Supplied entries >>
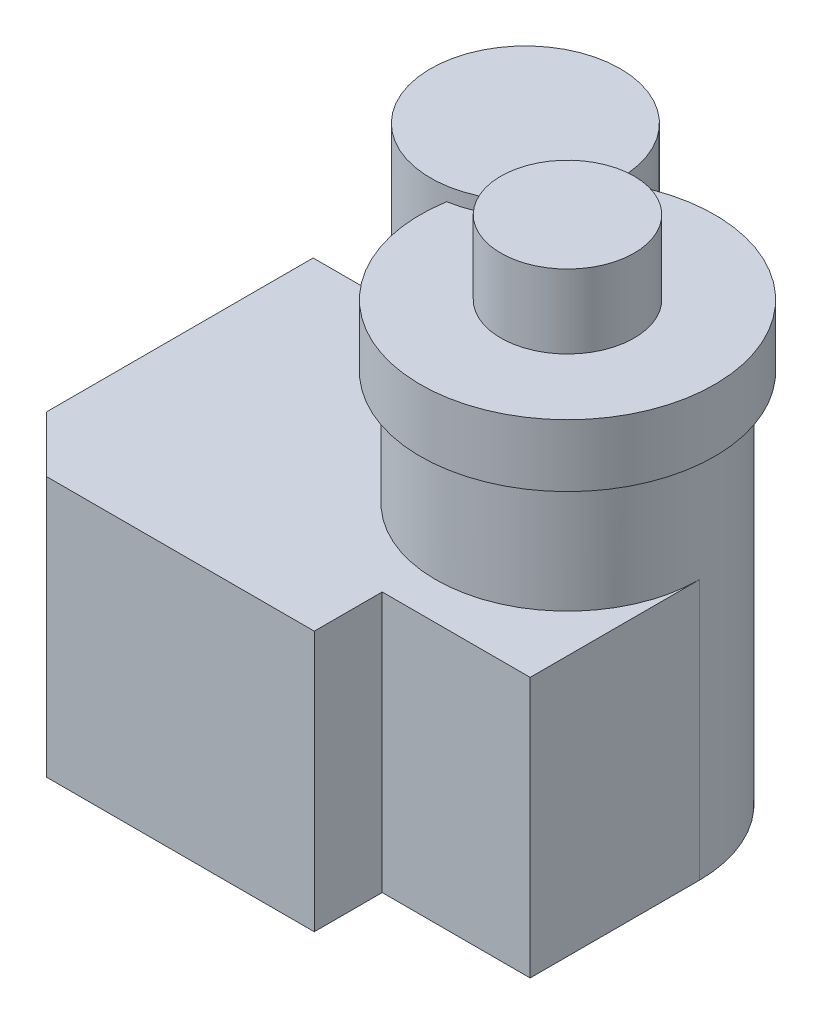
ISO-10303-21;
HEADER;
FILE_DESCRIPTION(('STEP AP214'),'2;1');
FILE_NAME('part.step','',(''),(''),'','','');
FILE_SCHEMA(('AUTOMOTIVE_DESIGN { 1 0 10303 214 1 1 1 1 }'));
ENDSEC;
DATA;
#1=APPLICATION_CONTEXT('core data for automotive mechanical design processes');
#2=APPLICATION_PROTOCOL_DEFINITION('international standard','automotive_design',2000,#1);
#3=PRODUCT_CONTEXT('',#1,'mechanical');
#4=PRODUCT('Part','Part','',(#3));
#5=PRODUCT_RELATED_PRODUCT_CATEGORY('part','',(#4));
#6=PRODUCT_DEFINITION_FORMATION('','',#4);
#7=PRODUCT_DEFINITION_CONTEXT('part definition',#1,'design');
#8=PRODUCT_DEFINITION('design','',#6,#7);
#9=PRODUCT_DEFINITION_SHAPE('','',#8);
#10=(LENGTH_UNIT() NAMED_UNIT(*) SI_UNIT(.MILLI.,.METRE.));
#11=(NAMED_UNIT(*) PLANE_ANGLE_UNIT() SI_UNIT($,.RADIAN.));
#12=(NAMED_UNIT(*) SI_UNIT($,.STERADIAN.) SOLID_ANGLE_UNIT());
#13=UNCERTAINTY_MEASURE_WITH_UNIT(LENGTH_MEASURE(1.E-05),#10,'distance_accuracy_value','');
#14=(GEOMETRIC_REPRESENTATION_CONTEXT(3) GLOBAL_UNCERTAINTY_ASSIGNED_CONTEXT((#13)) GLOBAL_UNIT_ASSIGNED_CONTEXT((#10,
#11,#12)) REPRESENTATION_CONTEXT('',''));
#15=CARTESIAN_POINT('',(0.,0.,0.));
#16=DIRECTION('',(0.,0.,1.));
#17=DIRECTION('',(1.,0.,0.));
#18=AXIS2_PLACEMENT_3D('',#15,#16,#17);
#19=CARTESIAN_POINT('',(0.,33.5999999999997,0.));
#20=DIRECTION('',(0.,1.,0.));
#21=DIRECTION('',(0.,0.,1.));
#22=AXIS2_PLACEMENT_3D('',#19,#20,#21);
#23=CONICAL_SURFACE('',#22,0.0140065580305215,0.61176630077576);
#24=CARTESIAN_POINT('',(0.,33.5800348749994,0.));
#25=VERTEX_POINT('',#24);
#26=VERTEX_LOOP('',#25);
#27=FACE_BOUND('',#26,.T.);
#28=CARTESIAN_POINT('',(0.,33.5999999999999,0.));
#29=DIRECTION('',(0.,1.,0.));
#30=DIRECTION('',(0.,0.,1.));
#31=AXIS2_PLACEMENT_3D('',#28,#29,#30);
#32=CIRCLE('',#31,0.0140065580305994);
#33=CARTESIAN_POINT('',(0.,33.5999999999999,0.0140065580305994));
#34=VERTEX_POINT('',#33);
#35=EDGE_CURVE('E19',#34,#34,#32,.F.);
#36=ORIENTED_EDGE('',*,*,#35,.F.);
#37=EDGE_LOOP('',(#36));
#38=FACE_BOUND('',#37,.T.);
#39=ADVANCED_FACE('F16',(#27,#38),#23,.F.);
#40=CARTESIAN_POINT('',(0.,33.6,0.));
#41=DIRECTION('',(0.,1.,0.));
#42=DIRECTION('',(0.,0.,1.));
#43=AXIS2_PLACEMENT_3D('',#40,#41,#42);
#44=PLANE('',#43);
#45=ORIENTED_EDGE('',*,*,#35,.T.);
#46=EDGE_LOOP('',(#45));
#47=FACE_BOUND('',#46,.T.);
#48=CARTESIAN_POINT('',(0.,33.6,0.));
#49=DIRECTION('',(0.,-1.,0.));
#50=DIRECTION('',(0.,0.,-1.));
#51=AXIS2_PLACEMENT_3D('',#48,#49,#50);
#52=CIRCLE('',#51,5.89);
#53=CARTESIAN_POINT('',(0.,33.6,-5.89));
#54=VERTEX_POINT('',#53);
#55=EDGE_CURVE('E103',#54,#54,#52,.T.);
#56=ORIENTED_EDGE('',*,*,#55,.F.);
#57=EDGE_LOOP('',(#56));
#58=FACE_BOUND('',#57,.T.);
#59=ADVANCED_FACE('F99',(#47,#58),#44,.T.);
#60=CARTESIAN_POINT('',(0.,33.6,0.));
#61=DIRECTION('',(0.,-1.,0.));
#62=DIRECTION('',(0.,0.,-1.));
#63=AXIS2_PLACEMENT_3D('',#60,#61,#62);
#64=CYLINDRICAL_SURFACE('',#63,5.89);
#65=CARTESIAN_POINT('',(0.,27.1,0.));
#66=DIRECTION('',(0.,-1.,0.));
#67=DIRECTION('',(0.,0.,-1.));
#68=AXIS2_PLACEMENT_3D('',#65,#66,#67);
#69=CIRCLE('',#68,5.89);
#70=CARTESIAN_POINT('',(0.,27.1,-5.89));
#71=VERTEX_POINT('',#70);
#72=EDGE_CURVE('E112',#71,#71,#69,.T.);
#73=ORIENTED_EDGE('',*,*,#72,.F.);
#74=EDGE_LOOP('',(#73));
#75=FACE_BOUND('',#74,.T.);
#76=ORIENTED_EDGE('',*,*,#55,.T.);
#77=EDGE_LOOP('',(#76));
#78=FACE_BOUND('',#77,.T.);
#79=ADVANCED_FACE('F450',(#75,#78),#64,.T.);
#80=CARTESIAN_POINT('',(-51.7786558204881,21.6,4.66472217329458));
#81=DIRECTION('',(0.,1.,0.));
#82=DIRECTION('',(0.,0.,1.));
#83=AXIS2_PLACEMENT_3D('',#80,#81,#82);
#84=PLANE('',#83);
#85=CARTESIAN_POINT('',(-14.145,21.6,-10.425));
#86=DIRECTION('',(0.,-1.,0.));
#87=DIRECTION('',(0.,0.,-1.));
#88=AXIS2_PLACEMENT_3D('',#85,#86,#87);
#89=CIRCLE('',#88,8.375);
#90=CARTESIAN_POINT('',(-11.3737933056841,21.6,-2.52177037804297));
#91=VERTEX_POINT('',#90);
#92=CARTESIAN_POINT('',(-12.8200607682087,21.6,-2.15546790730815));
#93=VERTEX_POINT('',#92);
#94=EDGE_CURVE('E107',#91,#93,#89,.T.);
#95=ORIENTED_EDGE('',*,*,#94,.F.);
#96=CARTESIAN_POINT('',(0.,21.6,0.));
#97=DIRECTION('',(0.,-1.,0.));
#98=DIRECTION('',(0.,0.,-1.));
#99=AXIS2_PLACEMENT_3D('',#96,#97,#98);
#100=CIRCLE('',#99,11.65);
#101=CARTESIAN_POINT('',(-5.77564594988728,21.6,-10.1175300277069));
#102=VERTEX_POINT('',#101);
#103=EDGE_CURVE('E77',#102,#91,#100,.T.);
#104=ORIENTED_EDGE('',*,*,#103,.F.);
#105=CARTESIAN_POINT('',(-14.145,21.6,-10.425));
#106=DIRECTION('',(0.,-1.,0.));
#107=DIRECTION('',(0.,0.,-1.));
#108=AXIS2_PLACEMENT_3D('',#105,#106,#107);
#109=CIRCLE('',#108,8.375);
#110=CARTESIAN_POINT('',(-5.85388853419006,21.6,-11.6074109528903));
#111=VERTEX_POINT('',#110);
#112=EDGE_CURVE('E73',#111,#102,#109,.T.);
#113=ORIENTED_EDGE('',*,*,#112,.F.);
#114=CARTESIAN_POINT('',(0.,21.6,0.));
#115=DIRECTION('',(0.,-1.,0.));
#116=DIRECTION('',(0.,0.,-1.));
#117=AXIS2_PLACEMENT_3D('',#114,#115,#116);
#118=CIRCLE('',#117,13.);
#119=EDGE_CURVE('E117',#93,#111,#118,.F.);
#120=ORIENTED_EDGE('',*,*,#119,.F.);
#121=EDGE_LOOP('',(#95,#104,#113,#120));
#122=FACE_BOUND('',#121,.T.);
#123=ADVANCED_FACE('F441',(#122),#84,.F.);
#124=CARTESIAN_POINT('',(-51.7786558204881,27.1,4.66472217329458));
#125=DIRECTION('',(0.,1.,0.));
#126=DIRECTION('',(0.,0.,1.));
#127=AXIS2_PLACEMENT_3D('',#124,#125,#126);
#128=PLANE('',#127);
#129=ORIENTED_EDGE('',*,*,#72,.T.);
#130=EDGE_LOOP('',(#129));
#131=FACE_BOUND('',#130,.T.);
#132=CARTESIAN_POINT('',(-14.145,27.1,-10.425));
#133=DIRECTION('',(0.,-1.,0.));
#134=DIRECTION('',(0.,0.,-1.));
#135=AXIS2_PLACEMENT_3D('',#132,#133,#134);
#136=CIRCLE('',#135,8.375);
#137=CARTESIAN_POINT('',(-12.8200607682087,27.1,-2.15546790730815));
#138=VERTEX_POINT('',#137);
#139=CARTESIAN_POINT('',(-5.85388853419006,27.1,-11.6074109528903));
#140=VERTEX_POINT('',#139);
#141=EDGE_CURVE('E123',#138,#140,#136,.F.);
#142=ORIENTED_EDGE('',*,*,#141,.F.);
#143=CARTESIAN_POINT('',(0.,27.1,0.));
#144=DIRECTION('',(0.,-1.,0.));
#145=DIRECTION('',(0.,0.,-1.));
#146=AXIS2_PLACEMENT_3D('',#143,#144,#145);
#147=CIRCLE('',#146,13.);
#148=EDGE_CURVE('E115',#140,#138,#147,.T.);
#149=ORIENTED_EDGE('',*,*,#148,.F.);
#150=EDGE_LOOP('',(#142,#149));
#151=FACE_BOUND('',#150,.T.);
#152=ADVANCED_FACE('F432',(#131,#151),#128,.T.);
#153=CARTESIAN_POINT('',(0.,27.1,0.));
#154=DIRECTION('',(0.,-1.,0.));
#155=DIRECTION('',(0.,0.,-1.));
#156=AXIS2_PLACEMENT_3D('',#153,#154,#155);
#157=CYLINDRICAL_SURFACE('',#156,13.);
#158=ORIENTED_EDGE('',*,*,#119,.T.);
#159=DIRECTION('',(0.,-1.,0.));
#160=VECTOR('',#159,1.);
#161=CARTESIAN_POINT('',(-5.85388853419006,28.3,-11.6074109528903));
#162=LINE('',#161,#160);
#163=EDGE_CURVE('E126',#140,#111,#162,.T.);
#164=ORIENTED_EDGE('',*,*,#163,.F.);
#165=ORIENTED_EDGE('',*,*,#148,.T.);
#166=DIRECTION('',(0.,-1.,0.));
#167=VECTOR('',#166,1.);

Instructions for the task >> Taking the entries above, print exactly the lines starting at the line with "#125=DIRECTION('',(0.,1.,0.));" and ending at the line with "#166=DIRECTION('',(0.,-1.,0.));", both included.

Answer to this exercise >>
#125=DIRECTION('',(0.,1.,0.));
#126=DIRECTION('',(0.,0.,1.));
#127=AXIS2_PLACEMENT_3D('',#124,#125,#126);
#128=PLANE('',#127);
#129=ORIENTED_EDGE('',*,*,#72,.T.);
#130=EDGE_LOOP('',(#129));
#131=FACE_BOUND('',#130,.T.);
#132=CARTESIAN_POINT('',(-14.145,27.1,-10.425));
#133=DIRECTION('',(0.,-1.,0.));
#134=DIRECTION('',(0.,0.,-1.));
#135=AXIS2_PLACEMENT_3D('',#132,#133,#134);
#136=CIRCLE('',#135,8.375);
#137=CARTESIAN_POINT('',(-12.8200607682087,27.1,-2.15546790730815));
#138=VERTEX_POINT('',#137);
#139=CARTESIAN_POINT('',(-5.85388853419006,27.1,-11.6074109528903));
#140=VERTEX_POINT('',#139);
#141=EDGE_CURVE('E123',#138,#140,#136,.F.);
#142=ORIENTED_EDGE('',*,*,#141,.F.);
#143=CARTESIAN_POINT('',(0.,27.1,0.));
#144=DIRECTION('',(0.,-1.,0.));
#145=DIRECTION('',(0.,0.,-1.));
#146=AXIS2_PLACEMENT_3D('',#143,#144,#145);
#147=CIRCLE('',#146,13.);
#148=EDGE_CURVE('E115',#140,#138,#147,.T.);
#149=ORIENTED_EDGE('',*,*,#148,.F.);
#150=EDGE_LOOP('',(#142,#149));
#151=FACE_BOUND('',#150,.T.);
#152=ADVANCED_FACE('F432',(#131,#151),#128,.T.);
#153=CARTESIAN_POINT('',(0.,27.1,0.));
#154=DIRECTION('',(0.,-1.,0.));
#155=DIRECTION('',(0.,0.,-1.));
#156=AXIS2_PLACEMENT_3D('',#153,#154,#155);
#157=CYLINDRICAL_SURFACE('',#156,13.);
#158=ORIENTED_EDGE('',*,*,#119,.T.);
#159=DIRECTION('',(0.,-1.,0.));
#160=VECTOR('',#159,1.);
#161=CARTESIAN_POINT('',(-5.85388853419006,28.3,-11.6074109528903));
#162=LINE('',#161,#160);
#163=EDGE_CURVE('E126',#140,#111,#162,.T.);
#164=ORIENTED_EDGE('',*,*,#163,.F.);
#165=ORIENTED_EDGE('',*,*,#148,.T.);
#166=DIRECTION('',(0.,-1.,0.));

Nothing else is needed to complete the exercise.